(Information given Opens)

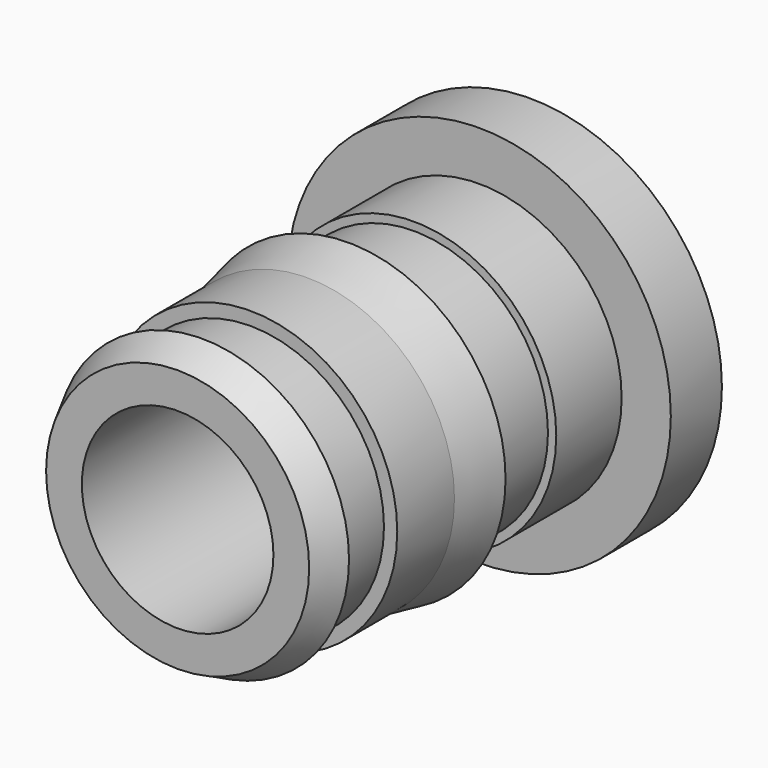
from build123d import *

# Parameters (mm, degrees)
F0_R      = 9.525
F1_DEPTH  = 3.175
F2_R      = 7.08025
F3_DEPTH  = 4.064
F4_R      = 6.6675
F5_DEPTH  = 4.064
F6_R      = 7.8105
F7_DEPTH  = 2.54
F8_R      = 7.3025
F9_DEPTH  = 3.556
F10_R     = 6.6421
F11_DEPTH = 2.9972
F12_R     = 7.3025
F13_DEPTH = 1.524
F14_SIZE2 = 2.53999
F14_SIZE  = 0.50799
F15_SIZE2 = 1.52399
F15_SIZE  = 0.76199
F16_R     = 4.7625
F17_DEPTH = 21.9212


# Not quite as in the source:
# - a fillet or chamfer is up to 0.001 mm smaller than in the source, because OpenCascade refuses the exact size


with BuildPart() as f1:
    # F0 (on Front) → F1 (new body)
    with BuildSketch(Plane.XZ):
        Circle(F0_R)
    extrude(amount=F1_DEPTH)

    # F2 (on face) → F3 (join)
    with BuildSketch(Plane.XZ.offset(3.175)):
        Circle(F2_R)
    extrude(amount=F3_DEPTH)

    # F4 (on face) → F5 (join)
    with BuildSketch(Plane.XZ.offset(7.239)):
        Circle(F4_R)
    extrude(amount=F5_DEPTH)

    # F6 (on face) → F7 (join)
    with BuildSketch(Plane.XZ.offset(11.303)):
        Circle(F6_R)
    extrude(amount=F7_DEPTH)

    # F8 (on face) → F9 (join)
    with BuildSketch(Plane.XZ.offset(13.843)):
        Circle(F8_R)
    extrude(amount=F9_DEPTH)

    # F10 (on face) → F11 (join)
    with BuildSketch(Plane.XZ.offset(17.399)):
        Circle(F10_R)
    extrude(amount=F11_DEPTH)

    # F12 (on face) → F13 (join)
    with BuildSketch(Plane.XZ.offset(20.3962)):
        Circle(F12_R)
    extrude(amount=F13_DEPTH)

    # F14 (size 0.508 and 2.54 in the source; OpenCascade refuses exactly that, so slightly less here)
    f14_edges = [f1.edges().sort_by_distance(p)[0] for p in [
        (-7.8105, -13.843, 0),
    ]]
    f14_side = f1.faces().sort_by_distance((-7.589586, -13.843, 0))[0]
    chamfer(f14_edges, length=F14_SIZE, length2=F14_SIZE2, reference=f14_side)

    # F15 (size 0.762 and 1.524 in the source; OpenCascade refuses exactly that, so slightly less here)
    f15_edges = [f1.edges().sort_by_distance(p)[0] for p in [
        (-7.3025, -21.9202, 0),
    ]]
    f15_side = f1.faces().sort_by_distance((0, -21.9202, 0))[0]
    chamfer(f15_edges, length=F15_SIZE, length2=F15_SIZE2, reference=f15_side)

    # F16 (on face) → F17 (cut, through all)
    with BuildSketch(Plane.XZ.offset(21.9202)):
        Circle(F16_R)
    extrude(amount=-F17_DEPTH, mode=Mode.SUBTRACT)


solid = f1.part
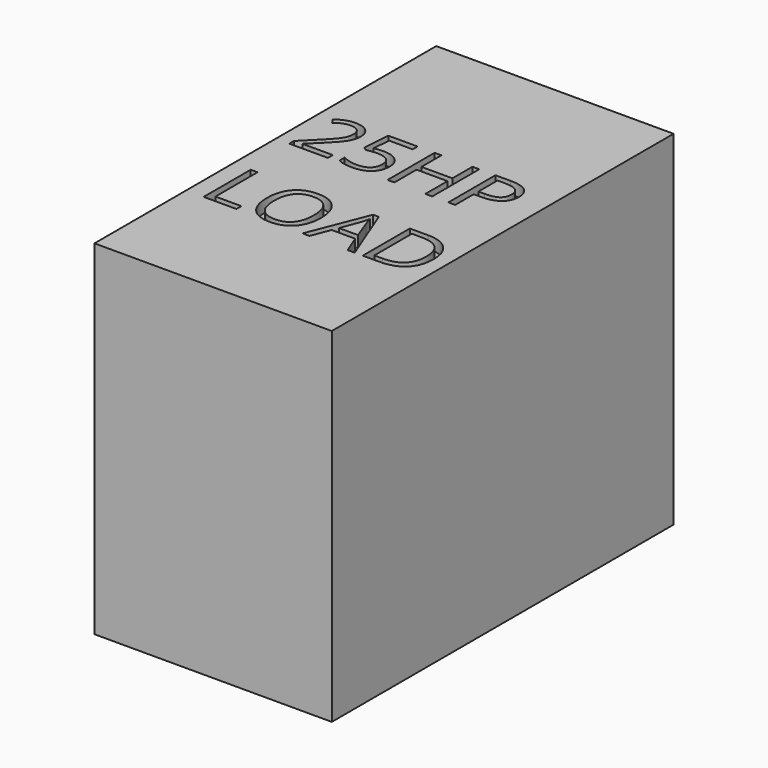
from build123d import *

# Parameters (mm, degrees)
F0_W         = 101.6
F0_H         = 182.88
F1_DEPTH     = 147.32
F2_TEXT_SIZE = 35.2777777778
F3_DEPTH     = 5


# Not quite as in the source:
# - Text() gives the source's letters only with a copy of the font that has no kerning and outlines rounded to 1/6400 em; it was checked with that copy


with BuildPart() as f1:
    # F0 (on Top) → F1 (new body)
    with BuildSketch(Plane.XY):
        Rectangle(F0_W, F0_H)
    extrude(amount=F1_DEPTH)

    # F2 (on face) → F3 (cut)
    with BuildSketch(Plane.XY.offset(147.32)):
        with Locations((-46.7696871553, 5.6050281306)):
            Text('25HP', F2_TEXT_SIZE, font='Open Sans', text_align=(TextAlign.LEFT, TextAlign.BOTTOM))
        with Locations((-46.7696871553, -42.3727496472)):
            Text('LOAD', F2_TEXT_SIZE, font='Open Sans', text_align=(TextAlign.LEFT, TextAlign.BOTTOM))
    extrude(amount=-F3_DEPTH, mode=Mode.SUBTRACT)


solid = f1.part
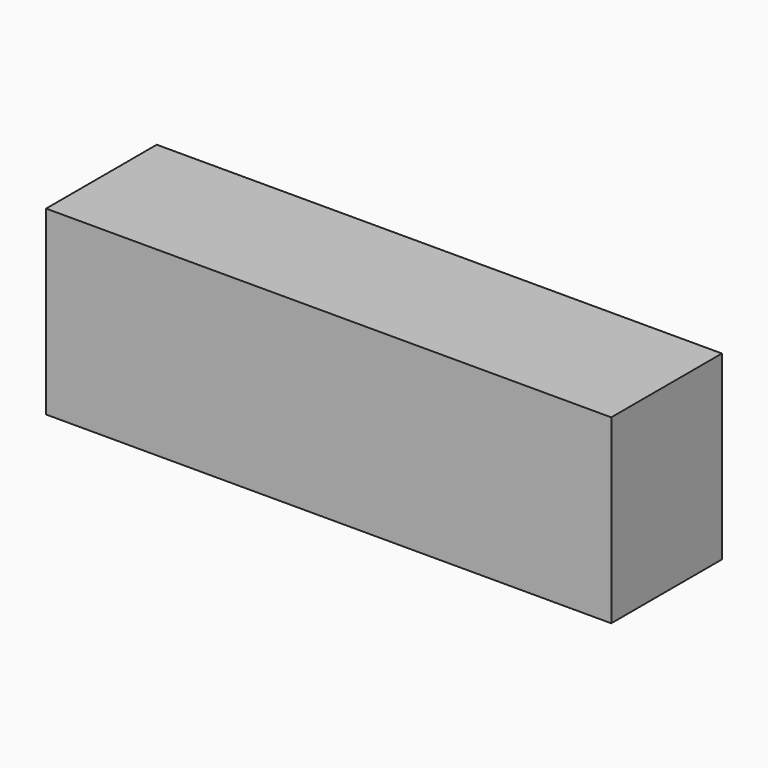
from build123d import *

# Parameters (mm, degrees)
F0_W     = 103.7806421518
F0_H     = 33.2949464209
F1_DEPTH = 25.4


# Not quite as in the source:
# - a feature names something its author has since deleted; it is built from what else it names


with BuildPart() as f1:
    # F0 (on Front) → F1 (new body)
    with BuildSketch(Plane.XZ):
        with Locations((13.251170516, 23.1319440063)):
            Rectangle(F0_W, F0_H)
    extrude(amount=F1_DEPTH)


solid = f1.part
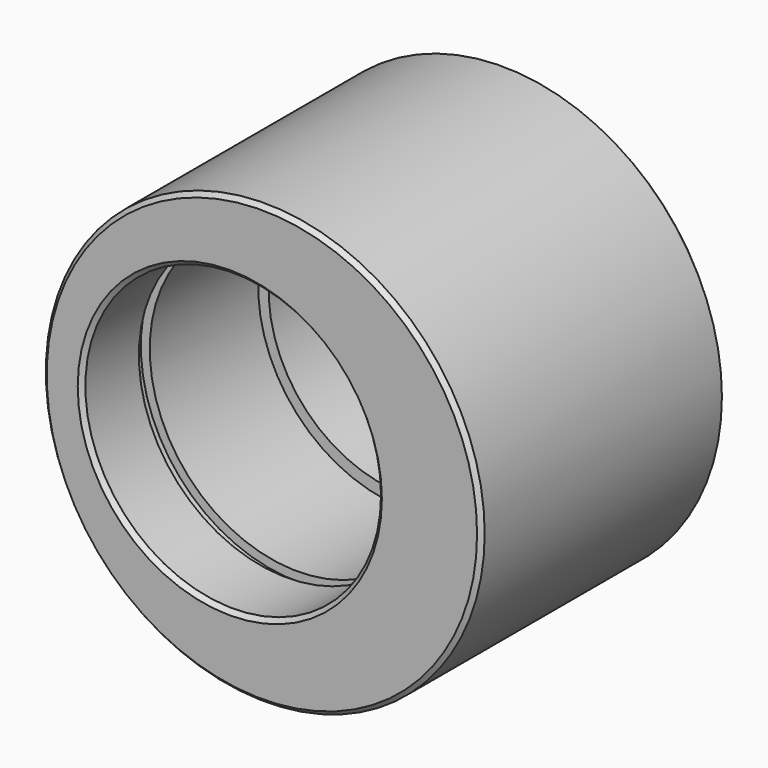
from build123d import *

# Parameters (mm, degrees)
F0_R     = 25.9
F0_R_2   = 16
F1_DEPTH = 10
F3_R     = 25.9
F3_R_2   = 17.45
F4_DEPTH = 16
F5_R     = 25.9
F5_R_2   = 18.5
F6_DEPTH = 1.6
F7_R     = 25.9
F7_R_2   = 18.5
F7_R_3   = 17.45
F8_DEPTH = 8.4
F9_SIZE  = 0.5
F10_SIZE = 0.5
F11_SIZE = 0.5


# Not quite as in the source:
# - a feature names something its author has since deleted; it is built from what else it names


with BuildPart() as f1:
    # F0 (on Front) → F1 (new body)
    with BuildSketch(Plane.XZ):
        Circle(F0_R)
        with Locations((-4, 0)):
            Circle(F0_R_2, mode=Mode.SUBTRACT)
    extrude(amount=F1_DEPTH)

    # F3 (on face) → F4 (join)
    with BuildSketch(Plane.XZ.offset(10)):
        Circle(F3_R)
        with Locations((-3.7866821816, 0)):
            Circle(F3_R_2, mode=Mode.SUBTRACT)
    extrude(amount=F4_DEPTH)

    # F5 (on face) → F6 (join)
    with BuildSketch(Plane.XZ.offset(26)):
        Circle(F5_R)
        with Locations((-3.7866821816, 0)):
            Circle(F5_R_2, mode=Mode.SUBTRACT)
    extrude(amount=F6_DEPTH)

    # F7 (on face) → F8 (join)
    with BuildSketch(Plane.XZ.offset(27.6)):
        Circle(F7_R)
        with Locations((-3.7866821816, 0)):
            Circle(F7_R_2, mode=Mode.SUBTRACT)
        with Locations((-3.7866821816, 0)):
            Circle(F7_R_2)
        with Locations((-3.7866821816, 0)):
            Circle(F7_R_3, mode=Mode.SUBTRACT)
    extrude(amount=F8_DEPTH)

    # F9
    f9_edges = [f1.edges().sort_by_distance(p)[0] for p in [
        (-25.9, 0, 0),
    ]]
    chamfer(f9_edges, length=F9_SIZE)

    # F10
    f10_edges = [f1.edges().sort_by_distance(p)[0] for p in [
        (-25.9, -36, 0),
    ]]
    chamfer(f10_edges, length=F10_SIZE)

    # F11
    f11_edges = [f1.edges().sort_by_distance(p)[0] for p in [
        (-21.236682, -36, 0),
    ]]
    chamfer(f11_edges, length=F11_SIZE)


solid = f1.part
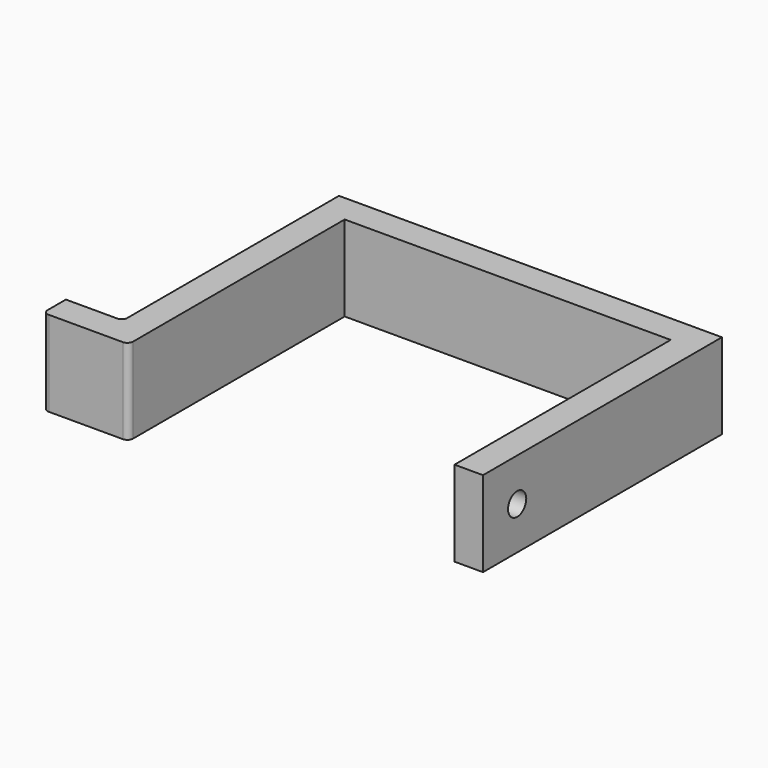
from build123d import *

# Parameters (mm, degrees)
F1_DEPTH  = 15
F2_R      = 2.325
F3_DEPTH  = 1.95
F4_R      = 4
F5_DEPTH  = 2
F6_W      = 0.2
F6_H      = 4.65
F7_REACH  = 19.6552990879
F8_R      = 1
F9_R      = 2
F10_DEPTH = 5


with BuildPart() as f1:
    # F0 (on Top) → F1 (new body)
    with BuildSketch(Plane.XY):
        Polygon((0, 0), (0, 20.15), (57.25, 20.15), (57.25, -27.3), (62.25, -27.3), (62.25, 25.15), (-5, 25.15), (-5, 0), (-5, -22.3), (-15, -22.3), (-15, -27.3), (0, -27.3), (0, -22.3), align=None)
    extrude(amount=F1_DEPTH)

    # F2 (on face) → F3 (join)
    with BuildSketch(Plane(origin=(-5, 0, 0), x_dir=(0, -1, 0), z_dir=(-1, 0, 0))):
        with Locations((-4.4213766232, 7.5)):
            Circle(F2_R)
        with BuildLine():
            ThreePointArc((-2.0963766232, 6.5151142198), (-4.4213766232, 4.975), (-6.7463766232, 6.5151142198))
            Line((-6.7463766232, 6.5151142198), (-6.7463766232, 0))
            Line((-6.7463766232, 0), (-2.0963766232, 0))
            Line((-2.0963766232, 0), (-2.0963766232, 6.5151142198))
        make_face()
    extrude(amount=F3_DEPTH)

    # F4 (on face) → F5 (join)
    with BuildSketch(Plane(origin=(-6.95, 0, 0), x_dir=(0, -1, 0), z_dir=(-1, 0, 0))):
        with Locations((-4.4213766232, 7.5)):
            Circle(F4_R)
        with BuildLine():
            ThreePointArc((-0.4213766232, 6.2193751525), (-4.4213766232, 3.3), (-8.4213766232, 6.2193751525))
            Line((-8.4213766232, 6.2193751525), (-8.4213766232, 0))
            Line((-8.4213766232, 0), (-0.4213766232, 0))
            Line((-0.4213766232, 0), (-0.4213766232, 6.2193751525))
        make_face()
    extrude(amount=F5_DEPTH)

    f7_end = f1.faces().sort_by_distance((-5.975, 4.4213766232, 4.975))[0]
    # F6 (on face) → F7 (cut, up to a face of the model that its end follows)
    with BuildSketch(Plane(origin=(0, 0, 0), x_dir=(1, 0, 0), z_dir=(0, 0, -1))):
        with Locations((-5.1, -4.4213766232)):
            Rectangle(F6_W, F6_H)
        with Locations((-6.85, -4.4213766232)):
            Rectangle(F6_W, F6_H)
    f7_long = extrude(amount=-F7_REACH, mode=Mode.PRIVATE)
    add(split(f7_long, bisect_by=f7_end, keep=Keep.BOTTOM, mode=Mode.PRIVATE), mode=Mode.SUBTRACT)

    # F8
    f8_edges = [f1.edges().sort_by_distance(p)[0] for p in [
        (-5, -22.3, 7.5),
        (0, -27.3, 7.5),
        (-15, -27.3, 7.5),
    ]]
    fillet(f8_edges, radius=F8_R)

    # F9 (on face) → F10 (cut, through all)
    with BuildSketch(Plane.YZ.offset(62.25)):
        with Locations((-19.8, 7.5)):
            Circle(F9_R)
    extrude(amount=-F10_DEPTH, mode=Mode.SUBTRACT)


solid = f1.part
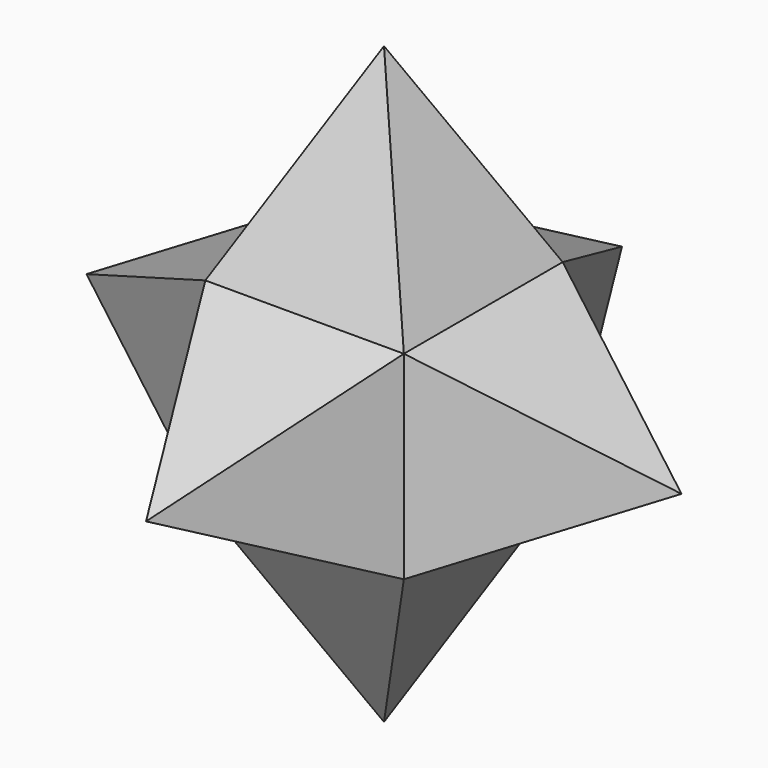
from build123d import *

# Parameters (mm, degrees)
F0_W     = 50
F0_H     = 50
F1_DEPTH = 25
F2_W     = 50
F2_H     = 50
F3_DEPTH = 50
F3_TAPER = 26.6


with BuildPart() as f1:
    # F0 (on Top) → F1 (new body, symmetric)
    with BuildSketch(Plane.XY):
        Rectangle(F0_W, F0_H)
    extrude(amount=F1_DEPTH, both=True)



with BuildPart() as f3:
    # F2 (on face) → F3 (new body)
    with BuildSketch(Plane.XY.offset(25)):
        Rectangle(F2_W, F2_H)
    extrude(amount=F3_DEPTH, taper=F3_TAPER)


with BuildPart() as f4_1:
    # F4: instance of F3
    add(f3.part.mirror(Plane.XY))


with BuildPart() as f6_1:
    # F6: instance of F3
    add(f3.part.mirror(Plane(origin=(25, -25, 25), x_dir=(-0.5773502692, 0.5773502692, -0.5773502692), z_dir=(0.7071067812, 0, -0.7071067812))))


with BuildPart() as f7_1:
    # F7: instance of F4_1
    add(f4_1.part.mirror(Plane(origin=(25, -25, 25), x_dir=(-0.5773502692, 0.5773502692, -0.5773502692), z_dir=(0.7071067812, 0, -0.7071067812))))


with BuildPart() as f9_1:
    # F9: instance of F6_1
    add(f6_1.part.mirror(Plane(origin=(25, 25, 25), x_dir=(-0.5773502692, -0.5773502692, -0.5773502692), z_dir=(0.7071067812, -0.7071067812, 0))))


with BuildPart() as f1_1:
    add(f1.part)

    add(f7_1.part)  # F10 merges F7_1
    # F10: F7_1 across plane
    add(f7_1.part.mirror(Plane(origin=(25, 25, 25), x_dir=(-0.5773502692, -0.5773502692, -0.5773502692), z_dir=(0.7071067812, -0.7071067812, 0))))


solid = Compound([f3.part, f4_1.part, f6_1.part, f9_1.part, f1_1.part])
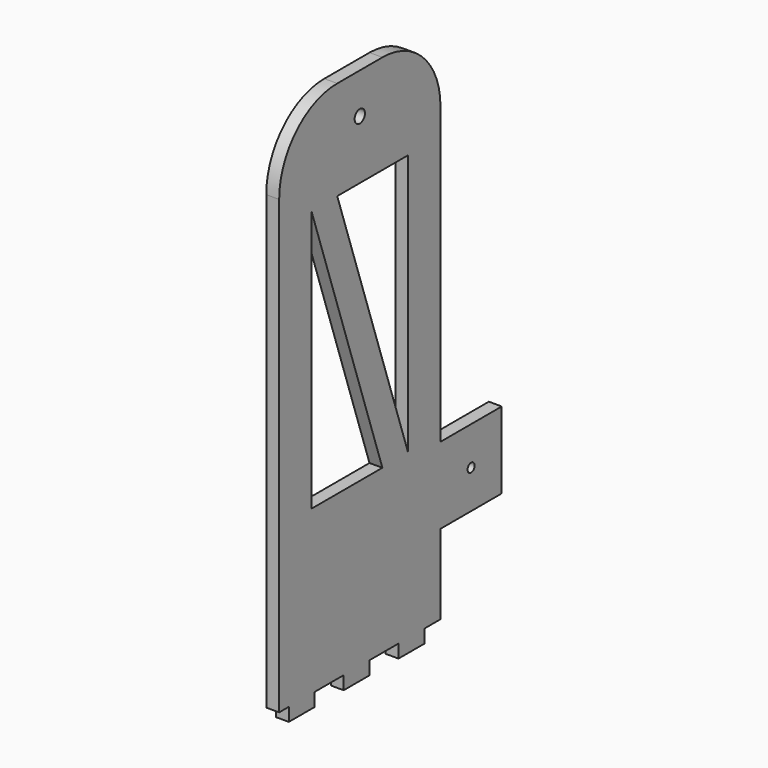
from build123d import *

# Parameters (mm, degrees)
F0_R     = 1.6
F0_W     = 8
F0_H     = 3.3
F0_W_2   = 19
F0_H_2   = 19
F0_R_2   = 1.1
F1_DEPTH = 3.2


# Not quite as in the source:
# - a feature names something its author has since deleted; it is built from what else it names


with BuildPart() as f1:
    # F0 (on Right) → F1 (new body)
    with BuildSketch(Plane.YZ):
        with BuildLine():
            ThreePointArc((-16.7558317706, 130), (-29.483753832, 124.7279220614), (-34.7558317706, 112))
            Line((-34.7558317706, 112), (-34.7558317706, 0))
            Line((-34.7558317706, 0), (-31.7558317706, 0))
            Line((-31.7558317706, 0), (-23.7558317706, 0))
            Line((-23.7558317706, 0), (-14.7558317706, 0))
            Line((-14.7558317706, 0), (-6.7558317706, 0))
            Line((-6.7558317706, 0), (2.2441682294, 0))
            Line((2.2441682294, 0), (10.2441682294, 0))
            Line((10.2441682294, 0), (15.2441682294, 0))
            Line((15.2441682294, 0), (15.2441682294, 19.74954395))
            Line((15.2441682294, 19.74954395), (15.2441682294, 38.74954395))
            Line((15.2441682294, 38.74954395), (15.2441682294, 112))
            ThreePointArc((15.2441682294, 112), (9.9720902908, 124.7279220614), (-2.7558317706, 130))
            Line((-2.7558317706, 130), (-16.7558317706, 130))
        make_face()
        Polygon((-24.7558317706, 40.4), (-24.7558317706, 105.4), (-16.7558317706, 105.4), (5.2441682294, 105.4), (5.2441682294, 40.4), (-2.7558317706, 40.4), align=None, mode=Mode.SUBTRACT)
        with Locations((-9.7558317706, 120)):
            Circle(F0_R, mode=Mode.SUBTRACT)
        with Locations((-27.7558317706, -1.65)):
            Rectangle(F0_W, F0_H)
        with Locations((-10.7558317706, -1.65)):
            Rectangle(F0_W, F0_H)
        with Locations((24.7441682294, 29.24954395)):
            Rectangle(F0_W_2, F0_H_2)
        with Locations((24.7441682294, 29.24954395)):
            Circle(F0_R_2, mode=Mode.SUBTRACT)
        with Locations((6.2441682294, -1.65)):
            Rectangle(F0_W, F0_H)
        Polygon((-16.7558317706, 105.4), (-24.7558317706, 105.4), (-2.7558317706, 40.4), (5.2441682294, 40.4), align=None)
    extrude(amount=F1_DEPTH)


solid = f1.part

(Information given Closes)

● **Task item**: Whenever a line of the records holds the string "that", pick it out and copy it.

● **Answer space**:
    # F14 (size 0.508 and 2.54 in the source; OpenCascade refuses exactly that, so slightly less here)
    # F15 (size 0.762 and 1.524 in the source; OpenCascade refuses exactly that, so slightly less here)
# - Text() gives the source's letters only with a copy of the font that has no kerning and outlines rounded to 1/6400 em; it was checked with that copy
    # F6 (on face) → F7 (cut, up to a face of the model that its end follows)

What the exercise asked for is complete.